╭─ Input

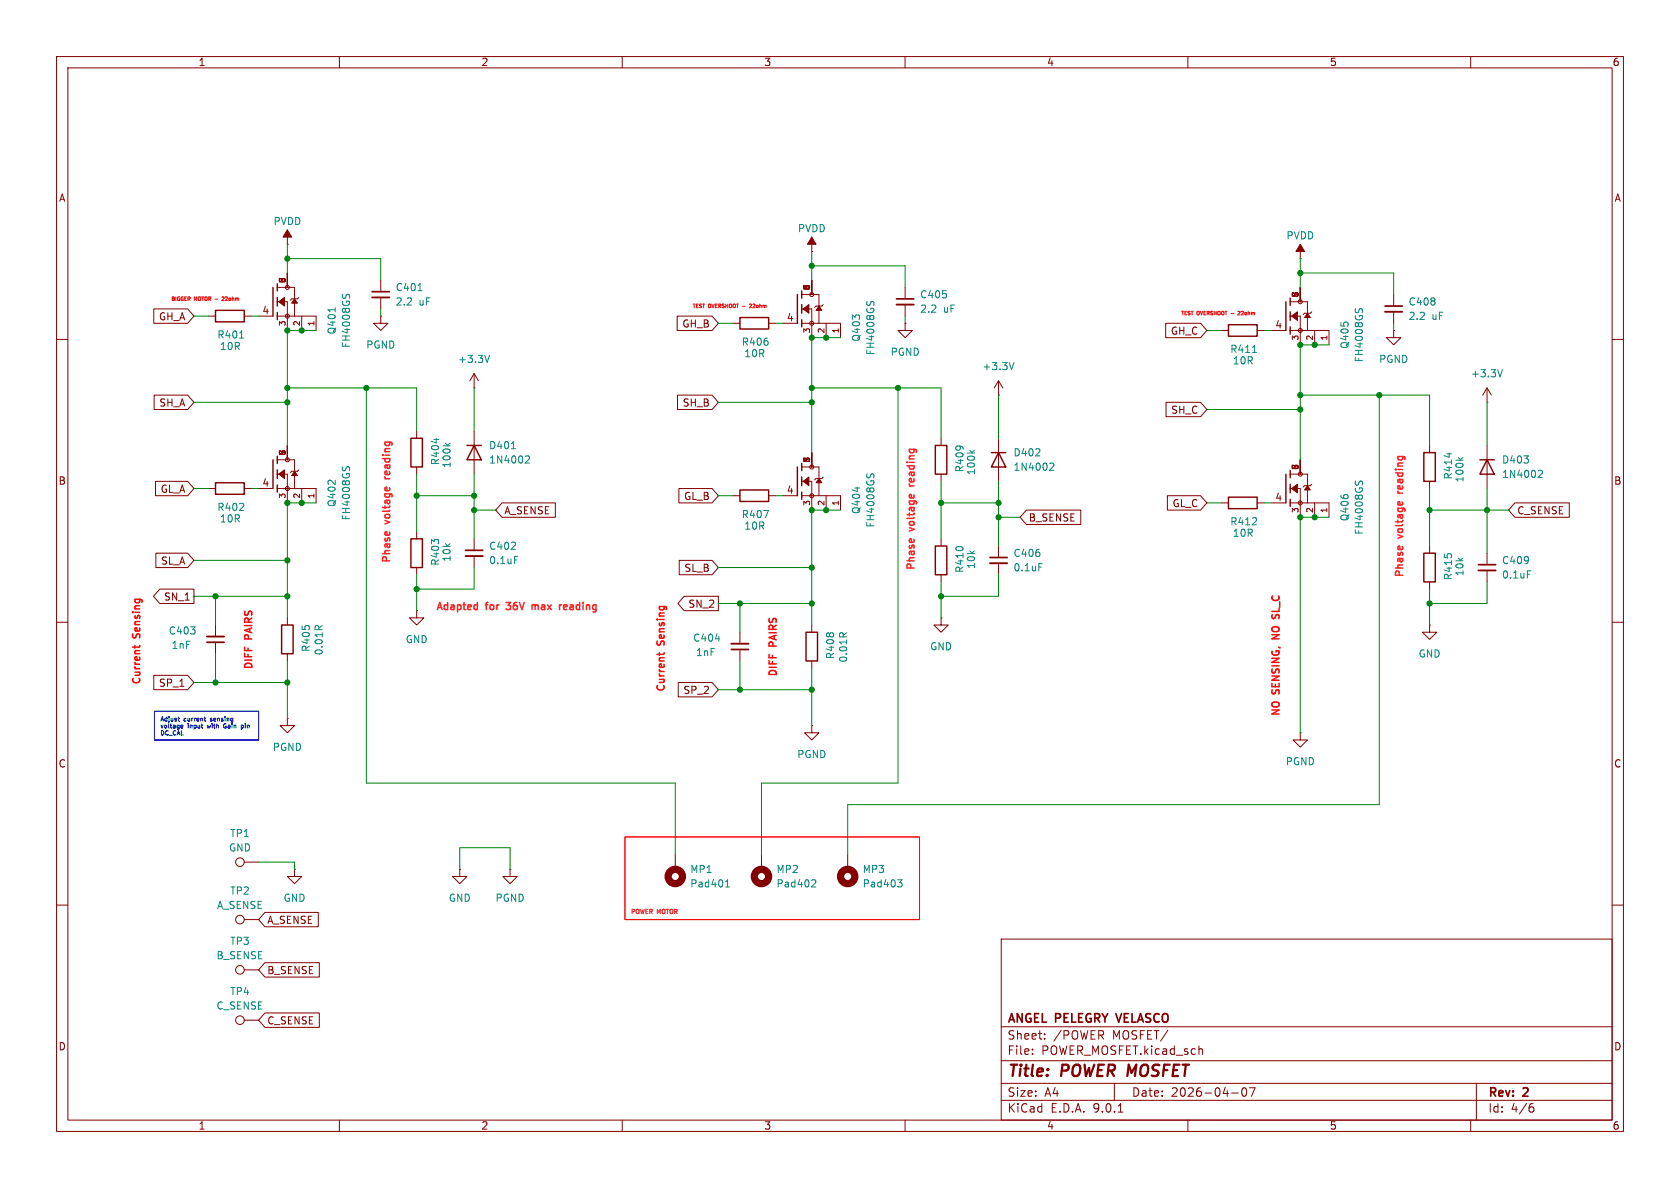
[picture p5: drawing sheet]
<svg xmlns="http://www.w3.org/2000/svg" width="297mm" height="210mm" viewBox="0 0 297 210" stroke-linecap="round" stroke-linejoin="round" font-family="sans-serif">
<path d="M0 0h297v210h-297z" fill="#fff" stroke="#fff" stroke-width=".18"/>
<g fill="none" stroke="#840000" stroke-width=".18">
<path d="M10 10h277v190h-277zM12 12h273v186h-273zM60 10v2M110 10v2M160 10v2M210 10v2M260 10v2M27.2 54.6h6l1.1 1.3-1.1 1.3h-6zM36.8 55.9h1.3M43.2 55.9h1.2M45.7 55.9h2.6M49 50.8h3.1v5.1"/>
<path d="M49 53.3h1.8v5.1M49 55.9h6.9v2.5M50.8 43.2h.1M50.8 40.6v2.6M50.8 48.3v2.5M52.8 52.6l-.2 .2h-1l-.3 .3M53.3 55.9v2.5M67.3 55.9v1.3h1.3l-1.3 1.2-1.3-1.2h1.3M67.3 55.9h.1M67.3 49.5v2.1M67.3 52.6v2M119.7 55.9h6.2l1.1 1.3-1.1 1.2h-6.2z"/>
<path d="M129.5 57.2h1.3M135.9 57.2h1.3M138.4 57.2h2.6M141.7 54.6h1.8v5.1M141.7 52.1h3.1v5.1M141.7 57.2h6.9v2.5M143.5 44.5h.1M143.5 41.9v2.6M143.5 49.5v2.6M145.5 53.8l-.2 .3h-1l-.3 .3M146 57.2v2.5M160 57.2v1.2h1.3l-1.3 1.3-1.3-1.3h1.3"/>
<path d="M160 57.2h.1M160 50.8v2M160 53.8v2.1M206.1 57.1h6.1l1.2 1.3-1.2 1.3h-6.1zM215.9 58.4h1.3M222.2 58.4h1.3M224.8 58.4h2.5M228.1 53.3h3v5.1M228.1 55.9h1.8v5.1M228.1 58.4h6.8v2.6M229.9 45.7h.1M229.9 43.2v2.5"/>
<path d="M229.9 50.8v2.5M231.9 55.1l-.3 .3h-1l-.2 .2M232.4 58.4v2.6M246.4 58.4v1.3h1.2l-1.2 1.3-1.3-1.3h1.3M246.4 58.4h.1M246.4 52.1v2M246.4 55.1v2.1M10 60h2M27.2 69.8h6l1.1 1.3-1.1 1.3h-6zM50.8 78.7v2.6M73.7 76.2v1.3M83.8 68.6h.1"/>
<path d="M83.8 66v2.6M83.8 76.2v7.6M83.8 66l-.7 1.3M83.8 66l.8 1.3M119.8 69.8h6.1l1.1 1.3-1.1 1.3h-6.1zM166.4 77.5v1.2M176.5 69.9h.1M176.5 67.3v2.6M176.5 77.5v7.6M176.5 67.3l-.7 1.3M176.5 67.3l.8 1.3M206.1 71.1h6.1l1.2 1.3-1.2 1.3h-6.1z"/>
<path d="M252.7 78.7v1.3M262.9 71.1h.1M262.9 68.6v2.5M262.9 78.7v7.7M262.9 68.6l-.8 1.3M262.9 68.6l.8 1.3M285 60h2M27.5 85.1h5.7l1.1 1.3-1.1 1.2h-5.7zM27.6 97.8h5.6l1.1 1.3-1.1 1.2h-5.6zM36.8 86.4h1.3M43.2 86.4h1.2M45.7 86.4h2.6"/>
<path d="M49 83.8h1.8v5.1M49 81.3h3.1v5.1M49 86.4h6.9v2.5M52.8 83.1l-.2 .2h-1l-.3 .3M53.3 86.4v2.5M73.7 82.6v1.2M73.7 94v1.3M83.8 95.3v2M83.8 98.3v2M88.7 88.9h9.5v2.5h-9.5l-1.1-1.2zM120 86.4h5.9l1.1 1.2-1.1 1.3h-5.9zM120.1 99.1h5.8l1.1 1.2-1.1 1.3h-5.8z"/>
<path d="M129.5 87.6h1.3M135.9 87.6h1.3M138.4 87.6h2.6M141.7 85.1h1.8v5.1M141.7 87.6h6.9v2.6M141.7 82.6h3.1v5M143.5 80v2.6M145.5 84.3l-.2 .3h-1l-.3 .2M146 87.6v2.6M166.4 83.8v1.3M166.4 95.3v1.2M176.5 96.5v2.1"/>
<path d="M176.5 99.6v2M181.5 90.2h9.6v2.5h-9.6l-1.2-1.3zM206.4 87.6h5.8l1.2 1.3-1.2 1.3h-5.8zM215.9 88.9h1.3M222.2 88.9h1.3M224.8 88.9h2.5M228.1 88.9h6.8v2.5M228.1 86.4h1.8v5M228.1 83.8h3v5.1M229.9 81.3v2.5M231.9 85.6l-.3 .3h-1l-.2 .2M232.4 88.9v2.5"/>
<path d="M252.7 85.1v1.3M252.7 96.5v1.3M262.9 97.8v2M267.8 88.9h9.6v2.5h-9.6l-1.1-1.2zM10 110h2M27.2 119.4h6l1.1 1.3-1.1 1.2h-6zM28.2 104.1h6.1v2.6h-6.1l-1.1-1.3zM38.1 110.5v2M38.1 113.5v2.1M50.8 109.2v1.3M50.8 115.6v1.2M73.7 108v1.2h1.2l-1.2 1.3-1.3-1.3h1.3"/>
<path d="M73.7 108h.1M73.7 100.3v1.3M120.9 105.4h6.1v2.6h-6.1l-1.1-1.3zM130.8 111.8v2M130.8 114.8v2M143.5 110.5v1.3M143.5 116.8v1.3M166.4 109.2v1.3h1.2l-1.2 1.3-1.3-1.3h1.3M166.4 109.2h.1M166.4 101.6v1.3M252.7 110.5v1.3h1.3l-1.3 1.2-1.2-1.2h1.2M252.7 110.5h.1"/>
<path d="M252.7 102.9v1.2M262.9 100.8v2.1M285 110h2M50.8 127v1.3h1.3l-1.3 1.2-1.3-1.2h1.3M50.8 127h.1M119.9 120.6h6l1.1 1.3-1.1 1.3h-6zM143.5 128.3v1.2h1.3l-1.3 1.3-1.3-1.3h1.3M143.5 128.3h.1M229.9 129.5v1.3h1.2l-1.2 1.3-1.3-1.3h1.3M229.9 129.5h.1M43.2 152.4h2.5M52.1 153.7v1.2h1.2l-1.2 1.3-1.3-1.3h1.3"/>
<path d="M52.1 153.7h.1M81.3 153.7v1.2h1.2l-1.2 1.3-1.3-1.3h1.3M81.3 153.7h.1M90.2 153.7v1.2h1.2l-1.2 1.3-1.3-1.3h1.3M90.2 153.7h.1M119.4 151.1v2.6M134.6 151.1v2.6M149.9 151.1v2.6M10 160h2M43.2 171.5h2.5M43.2 162.6h2.5M46.8 161.3h9.5v2.5h-9.5l-1.1-1.2z"/>
<path d="M46.8 170.2h9.7v2.5h-9.7l-1.1-1.2zM46.8 179.1h9.7v2.5h-9.7l-1.1-1.3zM177 166h108v32h-108zM285 160h2M43.2 180.3h2.5M60 198v2M110 198v2M160 198v2M177 194.5h108M177 191.5h108M177 187.5h108M177 181.5h108"/>
<path d="M182.5 186.3v.1M182.5 185.5v.1M184.7 183.6v.1M184.7 182.8v.1M197 191.5v3M197.7 196.6h.8M210 198v2M212.2 185.4l.3 .1 .1 .1v.8M217.7 193.2h1.2M219.7 192.4l.2-.1a.81 .81 0 0 1 .6 .6 .81 .81 0 0 1-.3 .8l-.2 .1a.81 .81 0 0 1-.3-1.4zM220.9 192.3h1l-.7 1.5M260 198v2"/>
<path d="M261 191.5v6.5M270.6 195.7h.4l.2 .3-.1 .5-.5 .1M271 195.1l-.4 .1"/>
<circle cx="50.8" cy="55.9" r=".36"/>
<circle cx="50.8" cy="50.8" r=".36"/>
<circle cx="143.5" cy="52.1" r=".36"/>
<circle cx="143.5" cy="57.2" r=".36"/>
<circle cx="229.9" cy="58.4" r=".36"/>
<circle cx="229.9" cy="53.3" r=".36"/>
<circle cx="50.8" cy="86.4" r=".36"/>
<circle cx="50.8" cy="81.3" r=".36"/>
<circle cx="143.5" cy="87.6" r=".36"/>
<circle cx="143.5" cy="82.6" r=".36"/>
<circle cx="229.9" cy="83.8" r=".36"/>
<circle cx="229.9" cy="88.9" r=".36"/>
<circle cx="42.4" cy="152.4" r=".76"/>
<circle cx="42.4" cy="171.4" r=".76"/>
<circle cx="42.4" cy="162.6" r=".76"/>
<circle cx="42.4" cy="180.3" r=".76"/>
</g>
<path d="M65.8 51.6h3M158.5 52.8h3M244.9 54.1h3M82.3 97.3h3M175 98.6h3.1M261.4 99.8h3M36.6 113.5h3M129.3 114.8h3M197.3 179.2l.5 1.5" fill="none" stroke="#840000" stroke-width=".3"/>
<g fill="none" stroke="#840000" stroke-width=".25">
<path d="M38.1 54.9h5.1v2h-5.1zM48.3 50.8v5.1M49 50.2v1.2M49 52.6v1.5M49 55.2v1.3M130.8 56.1h5.1v2.1h-5.1zM141 52.1v5.1M141.7 51.4v1.3M141.7 53.8v1.6M141.7 56.5v1.3M217.2 57.4h5v2h-5zM227.3 53.3v5.1"/>
<path d="M228.1 52.7v1.3M228.1 55.1v1.5M228.1 57.8v1.3M72.6 77.5h2.1v5.1h-2.1zM82.5 78.7h2.6M83.8 78.7l1.3 2.6h-2.6zM165.4 78.7h2v5.1h-2zM38.1 85.3h5.1v2.1h-5.1zM48.3 81.3v5.1M49 80.6v1.3M49 83.1v1.5M49 85.7v1.3"/>
<path d="M72.6 95.3h2.1v5h-2.1zM130.8 86.6h5.1v2h-5.1zM141 82.6v5M141.7 81.9v1.3M141.7 84.3v1.6M141.7 87v1.3M165.4 96.5h2v5.1h-2zM175.3 80h2.5M176.5 80l1.3 2.6h-2.5zM217.2 87.9h5v2h-5zM227.3 83.8v5.1M228.1 83.2v1.3"/>
<path d="M228.1 85.6v1.5M228.1 88.3v1.2M251.7 97.8h2v5.1h-2zM251.7 80h2v5.1h-2zM261.6 81.3h2.6M262.9 81.3l1.3 2.5h-2.6zM49.8 110.5h2v5.1h-2zM142.5 111.8h2v5h-2z"/>
</g>
<g fill="none" stroke="#008484" stroke-width=".18">
<path d="M42.4 59.8h.7M59.3 54.4v.7M60.6 52l-.1 .5M61.2 52.3l.2-.3 .4 .3M73.9 51.4h.7M153.3 53.3l-.1 .5M153.9 53.5l.2-.2 .4 .2M239.7 54.6l-.1 .4M240.3 54.8l.2-.2 .4 .2M77.1 77.5v.8M78.7 78.3l.5 .5M79.6 78.3l-.5 .4"/>
<path d="M86.5 62.8l-.4 1.3M90.4 79.3h.7M171.4 79.6l.5 .5M172.3 79.6l-.5 .4M179.3 64.1l-.5 1.2M221.4 62.3h.8M265.6 65.3l-.4 1.3M60.6 82.5l-.1 .5M61.2 82.7l.2-.2 .4 .2M90.9 98.4h.7M93.1 80.6h.4l.1 .4-.8 .9h.8M135 90.2h.9l-.6 1.3"/>
<path d="M153.3 83.8l-.1 .4M153.9 84l.2-.2 .4 .2M183.7 99.6h.6M185.8 81.9h.4l.1 .3-.8 .9h.8M239.7 85l-.1 .5M240.3 85.3l.2-.3 .4 .3M256.2 80v.8M257.8 80.9l.5 .5M258.6 80.9l-.4 .3M272.1 83.1l.5 .1 .1 .3-.8 .9h.8M55.8 110.7l.1-.1 .4 .1M57 110.6l-.6 .4"/>
<path d="M126.5 112.9h.8M148.5 112l.1-.1 .4 .1M149.7 111.9l-.6 .4M270 100.9h.6M128.3 156.8h.7M128.3 155.9l.3-.4v1.3M143.7 155.5l.4 .1 .1 .3-.8 .9h.8M158.7 155.5h.8l-.5 .5 .4 .1 .1 .4-.3 .3h-.3"/>
</g>
<g fill="#840000" stroke="#840000" stroke-width=".18">
<path d="M49.3 53.3l1-.7v1.5z"/>
<path d="M52.1 52.8l.5 .8h-1z"/>
<path d="M142 54.6l1-.8v1.6z"/>
<path d="M144.8 54.1l.5 .8h-1z"/>
<path d="M143.5 41.9l.8 1.3h-1.6z"/>
<path d="M50.8 40.6l.8 1.3h-1.6z"/>
<path d="M228.3 55.9l1.1-.8v1.5z"/>
<path d="M231.1 55.4l.5 .7h-1z"/>
<path d="M229.9 43.2l.7 1.3h-1.5z"/>
<path d="M49.3 83.8l1-.7v1.5z"/>
<path d="M52.1 83.3l.5 .8h-1z"/>
<path d="M228.3 86.4l1.1-.8v1.5z"/>
<path d="M231.1 85.9l.5 .7h-1z"/>
<path d="M142 85.1l1-.8v1.6z"/>
<path d="M144.8 84.6l.5 .7h-1z"/>
</g>
<path d="M65.8 52.6h3M158.5 53.8h3M244.9 55.1h3M82.3 98.3h3M175 99.6h3.1M36.6 112.5h3M129.3 113.8h3M261.4 100.8h3" fill="none" stroke="#840000" stroke-width=".33"/>
<g fill="none" stroke="#840000" stroke-width="1.3">
<circle cx="119.4" cy="154.9" r="1.27"/>
<circle cx="134.6" cy="154.9" r="1.27"/>
<circle cx="149.9" cy="154.9" r="1.27"/>
</g>
<g fill="none" stroke="#008400" stroke-width=".18">
<path d="M34.3 55.9h2.5M44.4 55.9h1.3M50.8 43.2v5.1M50.8 45.7h16.5v3.8M55.9 58.4h-5.1v20.3M67.3 54.6v1.3M127 57.2h2.5M137.2 57.2h1.2M143.5 44.5v5M143.5 47h16.5v3.8M148.6 59.7h-5.1v20.3M160 55.9v1.3"/>
<path d="M213.4 58.4h2.5M223.5 58.4h1.3M229.9 45.7v5.1M229.9 48.3h16.5v3.8M246.4 57.2v1.2M34.3 71.1h16.5M50.8 68.6h22.9v7.6M64.8 68.6v69.8h54.6v12.7M83.8 68.6v7.6M127 71.1h16.5M143.5 68.6h22.9v8.9M158.7 68.6v69.8h-24.1v12.7"/>
<path d="M176.5 69.9v7.6M213.4 72.4h16.5M229.9 69.9h22.8v8.8M234.9 61h-5v20.3M243.8 69.9v72.3h-93.9v8.9M262.9 71.1v7.6M34.3 86.4h2.5M34.3 99.1h16.5M44.4 86.4h1.3M55.9 88.9h-5.1v20.3M73.7 87.6h10.1M73.7 83.8v10.2"/>
<path d="M83.8 90.2h3.8M83.8 83.8v11.5M127 87.6h2.5M137.2 87.6h1.2M148.6 90.2h-5.1v20.3M166.4 85.1v10.2M166.4 88.9h10.1M176.5 91.4h3.8M176.5 85.1v11.4M213.4 88.9h2.5M223.5 88.9h1.3M234.9 91.4h-5v38.1"/>
<path d="M252.7 90.2h14M252.7 86.4v10.1M262.9 86.4v11.4M34.3 105.4h16.5M38.1 105.4v5.1M38.1 115.6v5.1M50.8 116.8v10.2M73.7 101.6v6.4M83.8 100.3v3.8h-10.1M127 106.7h16.5M127 100.3h16.5M130.8 106.7v5.1"/>
<path d="M130.8 116.8v5.1M143.5 118.1v10.2M166.4 102.9v6.3M176.5 101.6v3.8h-10.1M252.7 104.1v6.4M262.9 102.9v3.8h-10.2M34.3 120.7h16.5M127 121.9h16.5M45.7 152.4h6.4v1.3M81.3 153.7v-3.8h8.9v3.8"/>
</g>
<g fill="none" stroke="#0000c2" stroke-width=".18">
<path d="M27.3 125.7h18.4v5.1h-18.4zM28.4 127.5l.3-.8 .2 .8M28.5 129.2v.7M29.5 126.7v.8M29.8 127.9v.7M29.9 126.7v.1M30.2 127.9v.7M31.3 129.9l.3-.7 .2 .7M31.4 127h.3M31.6 126.7v.7l.1 .1M32 128.6l.3 .1M32 128.3l.1-.1 .2 .1-.3 .1"/>
<path d="M32.1 129.2v.7M35.7 127.9v.7M36.1 127h.3M36.2 126.7v.7M36.2 127.4l.2 .1M36.6 128.2l.2 .5M37.2 127.4v.1M37.2 127v.2M37.9 127.9v.7M38.3 127.9v.8M39.5 128.4l.2 .3h.3M39.8 126.7v.1"/>
<path d="M42.7 128.2l.3 .1v.3l-.3 .1M43.3 127.9v.1"/>
</g>
<path d="M110.5 148h52.1v14.6h-52.1z" fill="none" stroke="#ff050c" stroke-width=".18"/>
<path d="M23.9 114.1v.5M24.7 114.1l-.1 .2M116.6 115.4v.5M117.4 115.4v.2" fill="none" stroke="#ff0f00" stroke-width=".25"/>
<path d="M38 52.9h.5M39.3 52.5h.2l.1 .2-.4 .4h.4M131.3 54.1h.4M132.5 53.8h.2l.2 .1-.4 .5h.4M217.6 55.4h.5M218.9 55.1h.1M218.9 55.1h.3M219.2 55.1h.1M219.2 55.1v.2l-.4 .4h.4" fill="none" stroke="#ff020a" stroke-width=".18"/>
<path d="M89.5 106.5h.8M89.5 107.6v.1M94.1 106.9v.9M94.6 107l-.3-.1-.2 .1M99.2 106.9h.1M100.1 106.9h-.3l-.2 .2 .1 .6 .4 .1M100.2 107.2l-.6 .1" fill="none" stroke="#ff2224" stroke-width=".25"/>
<path d="M224.9 108.8l.1 .5M225.5 108.9l-.2 .4M226.1 108.9v.5" fill="none" stroke="#ff0003" stroke-width=".25"/>
<g fill="#008400" stroke="#008400" stroke-width=".18">
<circle cx="50.8" cy="68.6" r=".46"/>
<circle cx="50.8" cy="58.4" r=".46"/>
<circle cx="53.3" cy="58.4" r=".46"/>
<circle cx="50.8" cy="45.7" r=".46"/>
<circle cx="50.8" cy="71.1" r=".46"/>
<circle cx="50.8" cy="88.9" r=".46"/>
<circle cx="53.3" cy="88.9" r=".46"/>
<circle cx="50.8" cy="99.1" r=".46"/>
<circle cx="64.8" cy="68.6" r=".46"/>
<circle cx="143.5" cy="121.9" r=".46"/>
<circle cx="130.8" cy="106.7" r=".46"/>
<circle cx="143.5" cy="106.7" r=".46"/>
<circle cx="143.5" cy="100.3" r=".46"/>
<circle cx="38.1" cy="120.7" r=".46"/>
<circle cx="50.8" cy="120.7" r=".46"/>
<circle cx="50.8" cy="105.4" r=".46"/>
<circle cx="38.1" cy="105.4" r=".46"/>
<circle cx="229.9" cy="48.3" r=".46"/>
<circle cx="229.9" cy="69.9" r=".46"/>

╰─

Give the lines again exactly, starting where the entries begin and stopping once the line with "57.2h.1M160 50.8v2M160 53.8v2.1M206.1" is included; pictures are not copied.

[picture p5: drawing sheet]
<svg xmlns="http://www.w3.org/2000/svg" width="297mm" height="210mm" viewBox="0 0 297 210" stroke-linecap="round" stroke-linejoin="round" font-family="sans-serif">
<path d="M0 0h297v210h-297z" fill="#fff" stroke="#fff" stroke-width=".18"/>
<g fill="none" stroke="#840000" stroke-width=".18">
<path d="M10 10h277v190h-277zM12 12h273v186h-273zM60 10v2M110 10v2M160 10v2M210 10v2M260 10v2M27.2 54.6h6l1.1 1.3-1.1 1.3h-6zM36.8 55.9h1.3M43.2 55.9h1.2M45.7 55.9h2.6M49 50.8h3.1v5.1"/>
<path d="M49 53.3h1.8v5.1M49 55.9h6.9v2.5M50.8 43.2h.1M50.8 40.6v2.6M50.8 48.3v2.5M52.8 52.6l-.2 .2h-1l-.3 .3M53.3 55.9v2.5M67.3 55.9v1.3h1.3l-1.3 1.2-1.3-1.2h1.3M67.3 55.9h.1M67.3 49.5v2.1M67.3 52.6v2M119.7 55.9h6.2l1.1 1.3-1.1 1.2h-6.2z"/>
<path d="M129.5 57.2h1.3M135.9 57.2h1.3M138.4 57.2h2.6M141.7 54.6h1.8v5.1M141.7 52.1h3.1v5.1M141.7 57.2h6.9v2.5M143.5 44.5h.1M143.5 41.9v2.6M143.5 49.5v2.6M145.5 53.8l-.2 .3h-1l-.3 .3M146 57.2v2.5M160 57.2v1.2h1.3l-1.3 1.3-1.3-1.3h1.3"/>
<path d="M160 57.2h.1M160 50.8v2M160 53.8v2.1M206.1 57.1h6.1l1.2 1.3-1.2 1.3h-6.1zM215.9 58.4h1.3M222.2 58.4h1.3M224.8 58.4h2.5M228.1 53.3h3v5.1M228.1 55.9h1.8v5.1M228.1 58.4h6.8v2.6M229.9 45.7h.1M229.9 43.2v2.5"/>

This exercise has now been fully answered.